He changed that night. Changed at his very core. And he told me I was a smart man, I was hungry, hungry like he'd been at my age, so he wanted me to come with him while he made himself stronger. He wasn't going to stop at one, and he pressed this ugly awful locket into my hand and told me I could change the world with him, if I liked, because the traits in me that had landed me in Gryffindor were valuable, strong and unyielding, and he could sense something unique in me.

It wasn't an offer. That's the catch there, Prongs. It wasn't a fucking offer.

When he thought I'd gotten the message, he took the locket back off me, told me he was going to hide it. I almost asked him where and then figured I would rather keep my head on my shoulders, and he dropped me back home, on the rug in the entrance hall, and then he was gone.

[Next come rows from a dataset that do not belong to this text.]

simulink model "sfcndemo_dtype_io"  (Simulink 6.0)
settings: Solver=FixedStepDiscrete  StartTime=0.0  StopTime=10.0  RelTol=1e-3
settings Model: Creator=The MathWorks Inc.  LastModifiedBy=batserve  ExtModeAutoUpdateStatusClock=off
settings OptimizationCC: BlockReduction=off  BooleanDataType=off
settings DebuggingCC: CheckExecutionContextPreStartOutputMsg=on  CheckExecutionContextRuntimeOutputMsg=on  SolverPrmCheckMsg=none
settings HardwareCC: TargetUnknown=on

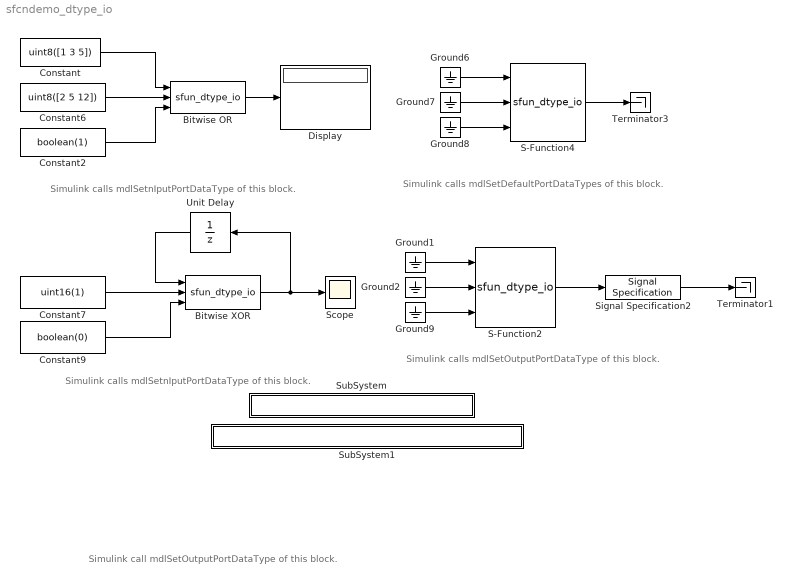
== system sfcndemo_dtype_io ==
  note: Simulink calls mdlSetDefaultPortDataTypes of this block.
  note: Simulink calls mdlSetOutputPortDataType of this block.
  note: Simulink call mdlSetOutputPortDataType of this block.
  note: Simulink calls mdlSetnIputPortDataType of this block.
  note: Simulink calls mdlSetnIputPortDataType of this block.
  Bitwise OR : S-Function  FunctionName=sfun_dtype_io
  Bitwise XOR : S-Function  FunctionName=sfun_dtype_io
  Constant : Constant  Value=uint8([1 3 5])
  Constant2 : Constant  Value=boolean(1)
  Constant6 : Constant  Value=uint8([2 5 12])
  Constant7 : Constant  Value=uint16(1)
  Constant9 : Constant  Value=boolean(0)
  Display : Display
  Ground{1..2,6..9} (6 alike) : Ground
  S-Function2 : S-Function  FunctionName=sfun_dtype_io
  S-Function4 : S-Function  FunctionName=sfun_dtype_io
  Scope : Scope
  Signal Specification2 : SignalSpecification  DataType=uint32
  SubSystem : Subsystem  PropExecContextAcrossSSBoundary=on
      settings: OpenFcn=edit(fullfile(matlabroot,'simulink','src','sfun_dtype_io.c'))
      mask Display: disp('matlabroot\simulink\src\sfun_dtype_io.c');
  SubSystem1 : Subsystem  PropExecContextAcrossSSBoundary=on
      settings: OpenFcn=edit(fullfile(matlabroot,'toolbox','simulink','blocks','tlc_c','sfun_dtype_io.tlc'))
      mask Display: disp('matlabroot\toolbox\simulink\blocks\tlc_c\sfun_dtype_io.tlc');
  Terminator1 : Terminator
  Terminator3 : Terminator
  Unit Delay : UnitDelay  Orientation=left
  wires:
  Constant/1 -> Bitwise OR/1
  Bitwise OR/1 -> Display/1
  Constant2/1 -> Bitwise OR/3
  Constant6/1 -> Bitwise OR/2
  Bitwise XOR/1 -> Unit Delay/1, Scope/1
  Constant9/1 -> Bitwise XOR/3
  Constant7/1 -> Bitwise XOR/2
  Unit Delay/1 -> Bitwise XOR/1
  Ground6/1 -> S-Function4/1
  S-Function4/1 -> Terminator3/1
  Ground7/1 -> S-Function4/2
  Ground8/1 -> S-Function4/3
  Ground1/1 -> S-Function2/1
  S-Function2/1 -> Signal Specification2/1
  Ground2/1 -> S-Function2/2
  Ground9/1 -> S-Function2/3
  Signal Specification2/1 -> Terminator1/1

== system sfcndemo_dtype_io/SubSystem ==

== system sfcndemo_dtype_io/SubSystem1 ==
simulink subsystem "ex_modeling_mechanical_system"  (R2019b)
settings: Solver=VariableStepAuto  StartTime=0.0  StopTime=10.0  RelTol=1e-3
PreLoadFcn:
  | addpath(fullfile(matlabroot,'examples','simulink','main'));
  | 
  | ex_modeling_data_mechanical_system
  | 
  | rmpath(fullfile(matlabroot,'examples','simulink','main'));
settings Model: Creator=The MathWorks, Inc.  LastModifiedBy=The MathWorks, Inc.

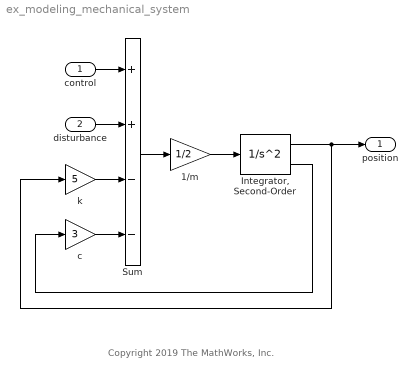
== system ex_modeling_mechanical_system ==
  note: Copyright 2019 The MathWorks, Inc.
  control : Inport
  disturbance : Inport  Port=2
  1/m : Gain  Gain=1/2
  "Integrator, Second-Order" : SecondOrderIntegrator
  Sum : Sum  Inputs=++--
  c : Gain  Gain=3
  k : Gain  Gain=5
  position : Outport  VectorParamsAs1DForOutWhenUnconnected=off
  wires:
  "Integrator, Second-Order"/2 -> c/1
  1/m/1 -> "Integrator, Second-Order"/1
  disturbance/1 -> Sum/2
  Sum/1 -> 1/m/1
  c/1 -> Sum/4
  control/1 -> Sum/1
  "Integrator, Second-Order"/1 -> position/1, k/1
  k/1 -> Sum/3

For a long while, I think I convinced myself it had been a dream. Reg tried to get through to me for days and couldn't and I think it scared the shit out of him. I was still sort of in a daze when he came next, a week later, picked me up from my parents' house without warning them and dragged me out to the Eastern European diaspora, somewhere with a black forest and a huge lake. His eyes were different. I knew it for sure that time.

He sat me down at the lake and told me, again, he wanted to change the world with me.

When people talk about maniacs, I think we assume that it's a personality thing. Heads up, Jamie, and if you've ever learned anything from my awful self I want it to be this; it's got nothing to do with personality. It's not even really got anything to do with temperament, or how much you can stomach. It's all in how you look at the world. The categories you sort it into. It can be upbringing, sure, but I grew up a Black and I pride myself on not being a raging, racist lunatic, and Riddle grew up in the muggle world without two pennies to rub together, from what he's told me, so it's not only that. It's about who you're willing to sacrifice to build the world as you see fit. To create it in your image.

I learned a lot about Riddle in those visits. Not just what he's willing to do (watching him kill that muggle man told me a lot about that, though), but what his ideal future looked like. Who he wanted his new world to be populated with. I think I figured out how his brain worked, and I think a part of him wanted me to figure it out, you know?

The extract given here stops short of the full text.